Dans ces deux cas, une équipe en interne sera chargée d’écouter et d’observer les clients.

A suivre…

Stimuler sa communauté de clients

lidia| 27 mai 2008 8:00

Comme le précise Patricia Seybold dans son ouvrage Outside Innovation (Collins Edition), toutes les entreprises qui ont fait collaborer leurs clients à l’innovation de produits sont des entreprises en forte croissance, telles que Lego (jouets), Mozilla Firefox (logiciel de navigation Web), Staples (fournitures de bureau) et bien d’autres. Pour illustrer cet article, je prendrai comme exemple celui de National Instruments :

Plus l’entreprise s’intéresse à tous les profils de clients  cocréateurs, plus leurs relations durent et s’approfondissent et plus les innovations sont importantes et le succès au rendez-vous.

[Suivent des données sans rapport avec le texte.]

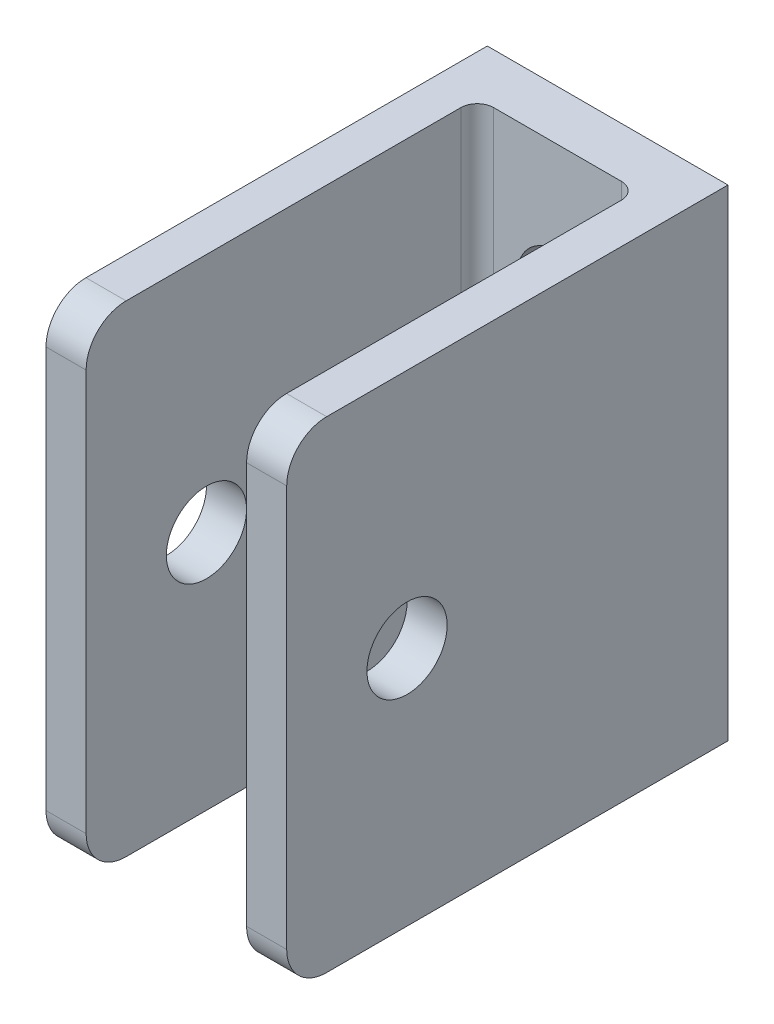
ISO-10303-21;
HEADER;
FILE_DESCRIPTION(('STEP AP214'),'2;1');
FILE_NAME('part.step','',(''),(''),'','','');
FILE_SCHEMA(('AUTOMOTIVE_DESIGN { 1 0 10303 214 1 1 1 1 }'));
ENDSEC;
DATA;
#1=APPLICATION_CONTEXT('core data for automotive mechanical design processes');
#2=APPLICATION_PROTOCOL_DEFINITION('international standard','automotive_design',2000,#1);
#3=PRODUCT_CONTEXT('',#1,'mechanical');
#4=PRODUCT('Part','Part','',(#3));
#5=PRODUCT_RELATED_PRODUCT_CATEGORY('part','',(#4));
#6=PRODUCT_DEFINITION_FORMATION('','',#4);
#7=PRODUCT_DEFINITION_CONTEXT('part definition',#1,'design');
#8=PRODUCT_DEFINITION('design','',#6,#7);
#9=PRODUCT_DEFINITION_SHAPE('','',#8);
#10=(LENGTH_UNIT() NAMED_UNIT(*) SI_UNIT(.MILLI.,.METRE.));
#11=(NAMED_UNIT(*) PLANE_ANGLE_UNIT() SI_UNIT($,.RADIAN.));
#12=(NAMED_UNIT(*) SI_UNIT($,.STERADIAN.) SOLID_ANGLE_UNIT());
#13=UNCERTAINTY_MEASURE_WITH_UNIT(LENGTH_MEASURE(1.E-05),#10,'distance_accuracy_value','');
#14=(GEOMETRIC_REPRESENTATION_CONTEXT(3) GLOBAL_UNCERTAINTY_ASSIGNED_CONTEXT((#13)) GLOBAL_UNIT_ASSIGNED_CONTEXT((#10,
#11,#12)) REPRESENTATION_CONTEXT('',''));
#15=CARTESIAN_POINT('',(0.,0.,0.));
#16=DIRECTION('',(0.,0.,1.));
#17=DIRECTION('',(1.,0.,0.));
#18=AXIS2_PLACEMENT_3D('',#15,#16,#17);
#19=CARTESIAN_POINT('',(9.525,19.05,0.));
#20=DIRECTION('',(-1.,0.,0.));
#21=DIRECTION('',(0.,0.,1.));
#22=AXIS2_PLACEMENT_3D('',#19,#20,#21);
#23=PLANE('',#22);
#24=DIRECTION('',(0.,-1.,0.));
#25=VECTOR('',#24,1.);
#26=CARTESIAN_POINT('',(9.525,19.05,34.925));
#27=LINE('',#26,#25);
#28=CARTESIAN_POINT('',(9.525,15.8877,34.925));
#29=VERTEX_POINT('',#28);
#30=CARTESIAN_POINT('',(9.525,-15.8877,34.925));
#31=VERTEX_POINT('',#30);
#32=EDGE_CURVE('E241',#29,#31,#27,.T.);
#33=ORIENTED_EDGE('',*,*,#32,.T.);
#34=CARTESIAN_POINT('',(9.525,-15.8877,31.7627));
#35=DIRECTION('',(-1.,0.,0.));
#36=DIRECTION('',(0.,0.,1.));
#37=AXIS2_PLACEMENT_3D('',#34,#35,#36);
#38=CIRCLE('',#37,3.1623);
#39=CARTESIAN_POINT('',(9.525,-19.05,31.7627));
#40=VERTEX_POINT('',#39);
#41=EDGE_CURVE('E186',#31,#40,#38,.F.);
#42=ORIENTED_EDGE('',*,*,#41,.T.);
#43=DIRECTION('',(0.,0.,-1.));
#44=VECTOR('',#43,1.);
#45=CARTESIAN_POINT('',(9.525,-19.05,0.));
#46=LINE('',#45,#44);
#47=CARTESIAN_POINT('',(9.525,-19.05,0.));
#48=VERTEX_POINT('',#47);
#49=EDGE_CURVE('E159',#40,#48,#46,.T.);
#50=ORIENTED_EDGE('',*,*,#49,.T.);
#51=DIRECTION('',(0.,-1.,0.));
#52=VECTOR('',#51,1.);
#53=CARTESIAN_POINT('',(9.525,19.05,0.));
#54=LINE('',#53,#52);
#55=CARTESIAN_POINT('',(9.525,19.05,0.));
#56=VERTEX_POINT('',#55);
#57=EDGE_CURVE('E150',#56,#48,#54,.T.);
#58=ORIENTED_EDGE('',*,*,#57,.F.);
#59=DIRECTION('',(0.,0.,-1.));
#60=VECTOR('',#59,1.);
#61=CARTESIAN_POINT('',(9.525,19.05,0.));
#62=LINE('',#61,#60);
#63=CARTESIAN_POINT('',(9.525,19.05,31.7627));
#64=VERTEX_POINT('',#63);
#65=EDGE_CURVE('E133',#64,#56,#62,.T.);
#66=ORIENTED_EDGE('',*,*,#65,.F.);
#67=CARTESIAN_POINT('',(9.525,15.8877,31.7627));
#68=DIRECTION('',(-1.,0.,0.));
#69=DIRECTION('',(0.,0.,1.));
#70=AXIS2_PLACEMENT_3D('',#67,#68,#69);
#71=CIRCLE('',#70,3.1623);
#72=EDGE_CURVE('E184',#64,#29,#71,.F.);
#73=ORIENTED_EDGE('',*,*,#72,.T.);
#74=EDGE_LOOP('',(#33,#42,#50,#58,#66,#73));
#75=FACE_BOUND('',#74,.T.);
#76=CARTESIAN_POINT('',(9.525,0.,25.4));
#77=DIRECTION('',(1.,0.,0.));
#78=DIRECTION('',(0.,0.,-1.));
#79=AXIS2_PLACEMENT_3D('',#76,#77,#78);
#80=CIRCLE('',#79,3.175);
#81=CARTESIAN_POINT('',(9.525,0.,22.225));
#82=VERTEX_POINT('',#81);
#83=EDGE_CURVE('E180',#82,#82,#80,.T.);
#84=ORIENTED_EDGE('',*,*,#83,.F.);
#85=EDGE_LOOP('',(#84));
#86=FACE_BOUND('',#85,.T.);
#87=ADVANCED_FACE('F32',(#75,#86),#23,.F.);
#88=CARTESIAN_POINT('',(-9.52499999999999,19.05,34.925));
#89=DIRECTION('',(1.,0.,0.));
#90=DIRECTION('',(0.,0.,-1.));
#91=AXIS2_PLACEMENT_3D('',#88,#89,#90);
#92=PLANE('',#91);
#93=DIRECTION('',(0.,0.,1.));
#94=VECTOR('',#93,1.);
#95=CARTESIAN_POINT('',(-9.52499999999999,-19.05,34.925));
#96=LINE('',#95,#94);
#97=CARTESIAN_POINT('',(-9.525,-19.05,0.));
#98=VERTEX_POINT('',#97);
#99=CARTESIAN_POINT('',(-9.52499999999999,-19.05,31.7627));
#100=VERTEX_POINT('',#99);
#101=EDGE_CURVE('E254',#98,#100,#96,.T.);
#102=ORIENTED_EDGE('',*,*,#101,.T.);
#103=CARTESIAN_POINT('',(-9.52499999999999,-15.8877,31.7627));
#104=DIRECTION('',(1.,0.,0.));
#105=DIRECTION('',(0.,0.,-1.));
#106=AXIS2_PLACEMENT_3D('',#103,#104,#105);
#107=CIRCLE('',#106,3.1623);
#108=CARTESIAN_POINT('',(-9.52499999999999,-15.8877,34.925));
#109=VERTEX_POINT('',#108);
#110=EDGE_CURVE('E213',#100,#109,#107,.F.);
#111=ORIENTED_EDGE('',*,*,#110,.T.);
#112=DIRECTION('',(0.,-1.,0.));
#113=VECTOR('',#112,1.);
#114=CARTESIAN_POINT('',(-9.52499999999999,19.05,34.925));
#115=LINE('',#114,#113);
#116=CARTESIAN_POINT('',(-9.52499999999999,15.8877,34.925));
#117=VERTEX_POINT('',#116);
#118=EDGE_CURVE('E165',#117,#109,#115,.T.);
#119=ORIENTED_EDGE('',*,*,#118,.F.);
#120=CARTESIAN_POINT('',(-9.52499999999999,15.8877,31.7627));
#121=DIRECTION('',(1.,0.,0.));
#122=DIRECTION('',(0.,0.,-1.));
#123=AXIS2_PLACEMENT_3D('',#120,#121,#122);
#124=CIRCLE('',#123,3.1623);
#125=CARTESIAN_POINT('',(-9.52499999999999,19.05,31.7627));
#126=VERTEX_POINT('',#125);
#127=EDGE_CURVE('E211',#117,#126,#124,.F.);
#128=ORIENTED_EDGE('',*,*,#127,.T.);
#129=DIRECTION('',(0.,0.,1.));
#130=VECTOR('',#129,1.);
#131=CARTESIAN_POINT('',(-9.52499999999999,19.05,34.925));
#132=LINE('',#131,#130);
#133=CARTESIAN_POINT('',(-9.525,19.05,0.));
#134=VERTEX_POINT('',#133);
#135=EDGE_CURVE('E154',#134,#126,#132,.T.);
#136=ORIENTED_EDGE('',*,*,#135,.F.);
#137=DIRECTION('',(0.,-1.,0.));
#138=VECTOR('',#137,1.);
#139=CARTESIAN_POINT('',(-9.525,19.05,0.));
#140=LINE('',#139,#138);
#141=EDGE_CURVE('E152',#134,#98,#140,.T.);
#142=ORIENTED_EDGE('',*,*,#141,.T.);
#143=EDGE_LOOP('',(#102,#111,#119,#128,#136,#142));
#144=FACE_BOUND('',#143,.T.);
#145=CARTESIAN_POINT('',(-9.525,0.,25.4));
#146=DIRECTION('',(1.,0.,0.));
#147=DIRECTION('',(0.,0.,-1.));
#148=AXIS2_PLACEMENT_3D('',#145,#146,#147);
#149=CIRCLE('',#148,3.175);
#150=CARTESIAN_POINT('',(-9.525,0.,22.225));
#151=VERTEX_POINT('',#150);
#152=EDGE_CURVE('E299',#151,#151,#149,.T.);
#153=ORIENTED_EDGE('',*,*,#152,.T.);
#154=EDGE_LOOP('',(#153));
#155=FACE_BOUND('',#154,.T.);
#156=ADVANCED_FACE('F281',(#144,#155),#92,.F.);
#157=CARTESIAN_POINT('',(-6.35,19.05,3.96875));
#158=DIRECTION('',(-1.,0.,0.));
#159=DIRECTION('',(0.,0.,1.));
#160=AXIS2_PLACEMENT_3D('',#157,#158,#159);
#161=PLANE('',#160);
#162=DIRECTION('',(0.,0.,-1.));
#163=VECTOR('',#162,1.);
#164=CARTESIAN_POINT('',(-6.35,-19.05,3.96875));
#165=LINE('',#164,#163);
#166=CARTESIAN_POINT('',(-6.34999999999999,-19.05,31.7627));
#167=VERTEX_POINT('',#166);
#168=CARTESIAN_POINT('',(-6.35,-19.05,5.2705));
#169=VERTEX_POINT('',#168);
#170=EDGE_CURVE('E251',#167,#169,#165,.T.);
#171=ORIENTED_EDGE('',*,*,#170,.T.);
#172=DIRECTION('',(0.,-1.,0.));
#173=VECTOR('',#172,1.);
#174=CARTESIAN_POINT('',(-6.35,19.05,5.2705));
#175=LINE('',#174,#173);
#176=CARTESIAN_POINT('',(-6.35,19.05,5.2705));
#177=VERTEX_POINT('',#176);
#178=EDGE_CURVE('E47',#169,#177,#175,.F.);
#179=ORIENTED_EDGE('',*,*,#178,.T.);
#180=DIRECTION('',(0.,0.,-1.));
#181=VECTOR('',#180,1.);
#182=CARTESIAN_POINT('',(-6.35,19.05,3.96875));
#183=LINE('',#182,#181);
#184=CARTESIAN_POINT('',(-6.34999999999999,19.05,31.7627));
#185=VERTEX_POINT('',#184);
#186=EDGE_CURVE('E288',#185,#177,#183,.T.);
#187=ORIENTED_EDGE('',*,*,#186,.F.);
#188=CARTESIAN_POINT('',(-6.34999999999999,15.8877,31.7627));
#189=DIRECTION('',(-1.,0.,0.));
#190=DIRECTION('',(0.,0.,1.));
#191=AXIS2_PLACEMENT_3D('',#188,#189,#190);
#192=CIRCLE('',#191,3.1623);
#193=CARTESIAN_POINT('',(-6.34999999999999,15.8877,34.925));
#194=VERTEX_POINT('',#193);
#195=EDGE_CURVE('E207',#185,#194,#192,.F.);
#196=ORIENTED_EDGE('',*,*,#195,.T.);
#197=DIRECTION('',(0.,-1.,0.));
#198=VECTOR('',#197,1.);
#199=CARTESIAN_POINT('',(-6.34999999999999,19.05,34.925));
#200=LINE('',#199,#198);
#201=CARTESIAN_POINT('',(-6.34999999999999,-15.8877,34.925));
#202=VERTEX_POINT('',#201);
#203=EDGE_CURVE('E262',#194,#202,#200,.T.);
#204=ORIENTED_EDGE('',*,*,#203,.T.);
#205=CARTESIAN_POINT('',(-6.34999999999999,-15.8877,31.7627));
#206=DIRECTION('',(-1.,0.,0.));
#207=DIRECTION('',(0.,0.,1.));
#208=AXIS2_PLACEMENT_3D('',#205,#206,#207);
#209=CIRCLE('',#208,3.1623);
#210=EDGE_CURVE('E209',#202,#167,#209,.F.);
#211=ORIENTED_EDGE('',*,*,#210,.T.);
#212=EDGE_LOOP('',(#171,#179,#187,#196,#204,#211));
#213=FACE_BOUND('',#212,.T.);
#214=CARTESIAN_POINT('',(-6.34999999999999,0.,25.4));
#215=DIRECTION('',(-1.,0.,0.));
#216=DIRECTION('',(0.,0.,1.));
#217=AXIS2_PLACEMENT_3D('',#214,#215,#216);
#218=CIRCLE('',#217,3.175);
#219=CARTESIAN_POINT('',(-6.34999999999999,0.,28.575));
#220=VERTEX_POINT('',#219);
#221=EDGE_CURVE('E179',#220,#220,#218,.F.);
#222=ORIENTED_EDGE('',*,*,#221,.F.);
#223=EDGE_LOOP('',(#222));
#224=FACE_BOUND('',#223,.T.);
#225=ADVANCED_FACE('F277',(#213,#224),#161,.F.);
#226=CARTESIAN_POINT('',(6.34999999999999,19.05,34.925));
#227=DIRECTION('',(1.,0.,0.));
#228=DIRECTION('',(0.,0.,-1.));
#229=AXIS2_PLACEMENT_3D('',#226,#227,#228);
#230=PLANE('',#229);
#231=DIRECTION('',(0.,0.,1.));
#232=VECTOR('',#231,1.);
#233=CARTESIAN_POINT('',(6.34999999999999,19.05,34.925));
#234=LINE('',#233,#232);
#235=CARTESIAN_POINT('',(6.35,19.05,5.2705));
#236=VERTEX_POINT('',#235);
#237=CARTESIAN_POINT('',(6.34999999999999,19.05,31.7627));
#238=VERTEX_POINT('',#237);
#239=EDGE_CURVE('E229',#236,#238,#234,.T.);
#240=ORIENTED_EDGE('',*,*,#239,.F.);
#241=DIRECTION('',(0.,-1.,0.));
#242=VECTOR('',#241,1.);
#243=CARTESIAN_POINT('',(6.35,-19.05,5.2705));
#244=LINE('',#243,#242);
#245=CARTESIAN_POINT('',(6.35,-19.05,5.2705));
#246=VERTEX_POINT('',#245);
#247=EDGE_CURVE('E215',#236,#246,#244,.T.);
#248=ORIENTED_EDGE('',*,*,#247,.T.);
#249=DIRECTION('',(0.,0.,1.));
#250=VECTOR('',#249,1.);
#251=CARTESIAN_POINT('',(6.34999999999999,-19.05,34.925));
#252=LINE('',#251,#250);
#253=CARTESIAN_POINT('',(6.34999999999999,-19.05,31.7627));
#254=VERTEX_POINT('',#253);
#255=EDGE_CURVE('E144',#246,#254,#252,.T.);
#256=ORIENTED_EDGE('',*,*,#255,.T.);
#257=CARTESIAN_POINT('',(6.34999999999999,-15.8877,31.7627));
#258=DIRECTION('',(1.,0.,0.));
#259=DIRECTION('',(0.,0.,-1.));
#260=AXIS2_PLACEMENT_3D('',#257,#258,#259);
#261=CIRCLE('',#260,3.1623);
#262=CARTESIAN_POINT('',(6.34999999999999,-15.8877,34.925));
#263=VERTEX_POINT('',#262);
#264=EDGE_CURVE('E196',#254,#263,#261,.F.);
#265=ORIENTED_EDGE('',*,*,#264,.T.);
#266=DIRECTION('',(0.,-1.,0.));
#267=VECTOR('',#266,1.);
#268=CARTESIAN_POINT('',(6.34999999999999,19.05,34.925));
#269=LINE('',#268,#267);
#270=CARTESIAN_POINT('',(6.34999999999999,15.8877,34.925));
#271=VERTEX_POINT('',#270);
#272=EDGE_CURVE('E259',#271,#263,#269,.T.);
#273=ORIENTED_EDGE('',*,*,#272,.F.);
#274=CARTESIAN_POINT('',(6.34999999999999,15.8877,31.7627));
#275=DIRECTION('',(1.,0.,0.));
#276=DIRECTION('',(0.,0.,-1.));
#277=AXIS2_PLACEMENT_3D('',#274,#275,#276);
#278=CIRCLE('',#277,3.1623);
#279=EDGE_CURVE('E193',#271,#238,#278,.F.);
#280=ORIENTED_EDGE('',*,*,#279,.T.);
#281=EDGE_LOOP('',(#240,#248,#256,#265,#273,#280));
#282=FACE_BOUND('',#281,.T.);
#283=CARTESIAN_POINT('',(6.34999999999999,0.,25.4));
#284=DIRECTION('',(1.,0.,0.));
#285=DIRECTION('',(0.,0.,-1.));
#286=AXIS2_PLACEMENT_3D('',#283,#284,#285);
#287=CIRCLE('',#286,3.175);
#288=CARTESIAN_POINT('',(6.34999999999999,0.,22.225));
#289=VERTEX_POINT('',#288);
#290=EDGE_CURVE('E177',#289,#289,#287,.F.);
#291=ORIENTED_EDGE('',*,*,#290,.F.);
#292=EDGE_LOOP('',(#291));
#293=FACE_BOUND('',#292,.T.);
#294=ADVANCED_FACE('F236',(#282,#293),#230,.F.);
#295=CARTESIAN_POINT('',(-9.525,19.05,0.));
#296=DIRECTION('',(0.,0.,1.));
#297=DIRECTION('',(1.,0.,0.));
#298=AXIS2_PLACEMENT_3D('',#295,#296,#297);
#299=PLANE('',#298);
#300=CARTESIAN_POINT('',(0.,8.5725,0.));
#301=DIRECTION('',(0.,0.,1.));
#302=DIRECTION('',(1.,0.,0.));
#303=AXIS2_PLACEMENT_3D('',#300,#301,#302);
#304=CIRCLE('',#303,3.175);
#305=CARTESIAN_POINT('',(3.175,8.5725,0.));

Pour cela, il faut stimuler sa ou ses communautés de clients. Comment ?

  • Observez vos clients au sein de la communauté. Vous ne pouvez pas vous asseoir et attendre bien sagement que les clients fassent le travail d’innovation ou de création à votre place. Même s’il s’agit des clients inventeurs, il faut observer ce qu’ils font dans leur élément naturel, comment ils essaient de réaliser leurs désirs, leur improvisation et la customisation apportées. Puis formaliser ce projet dans sa continuité.

  • Fournissez-leur des outils et une feuille de route pour innover. Donnez-leur la possibilité de mélanger, coordonner, développer, personnaliser les produits et leur promesse. Les logiciels, par exemple, permettent justement de servir de support à ces actions. Encouragez les à partager toutes ces contributions avec les autres clients. Trouvez un moyen de commercialisation de leurs inventions.

  • Encouragez et récompensez vos clients pour l’aide fournie aux autres. Vos clients connaissent les avantages et inconvénients de vos produits et process. Invitez vos clients experts à classifier et catégoriser vos données et produits de façon à donner du sens aux autres clients et prospects.
  • Sollicitez leurs recommandations et suggestions pour des fonctionnalités supplémentaires et pour des idées de nouveaux produits. Mettez au point un système qui permette de solliciter l’aide des clients, grâce au Directeur du développement ou l’Animateur de la communauté pour faciliter et concentrer cette communauté de clients gourous et récompenser les clients pour avoir donné leur savoir et / ou les payer pour leur aide.
  • Prenez très au sérieux les clients solutionneurs de problèmes et les clients gourous. Leurs solutions devraient constituer votre feuille de route pour les 12 mois à venir.

  • Soyez actifs et participatifs. Créez des communautés de clients, observez et participez aux communautés en ligne auxquelles vos clients sont attachés. Pour cela, ne vous contentez pas d’intégrer un forum de discussion dans votre site Web. Recrutez et stimulez le bon groupe de personnes pour être des consultants dans des discussions entre clients et avec vos salariés. Il vous faut fournir une ligne de conduite pour la participation et soyez explicite sur vos attentes. Lorsque vous observez les discussions publiques en ligne, concernant vos produits ou marché, faîtes connaître votre présence et laissez les discussions se faire sans entrave.
  • Mettez en place un programme pour encourager et aider les clients promoteurs ou groupies de votre marque ou produits. Même les fans les plus fidèles ont besoin d’être encourager pour les faire parler. Offrez à vos clients des primes pour la promotion de vos produits ou services, même si c’est quelque chose qu’ils feront de toute façon naturellement. Collaborer avec eux pour savoir comment ils souhaitent promouvoir vos produits et services, il y a des chances pour qu’ils vous proposent une idée innovante de promotion à laquelle vous n’avez pas pensée. Et rappelez-vous que si les produits qu’ils promeuvent incluent leur propre contribution, ils n’en seront que plus enthousiaste à l’idée de les promouvoir.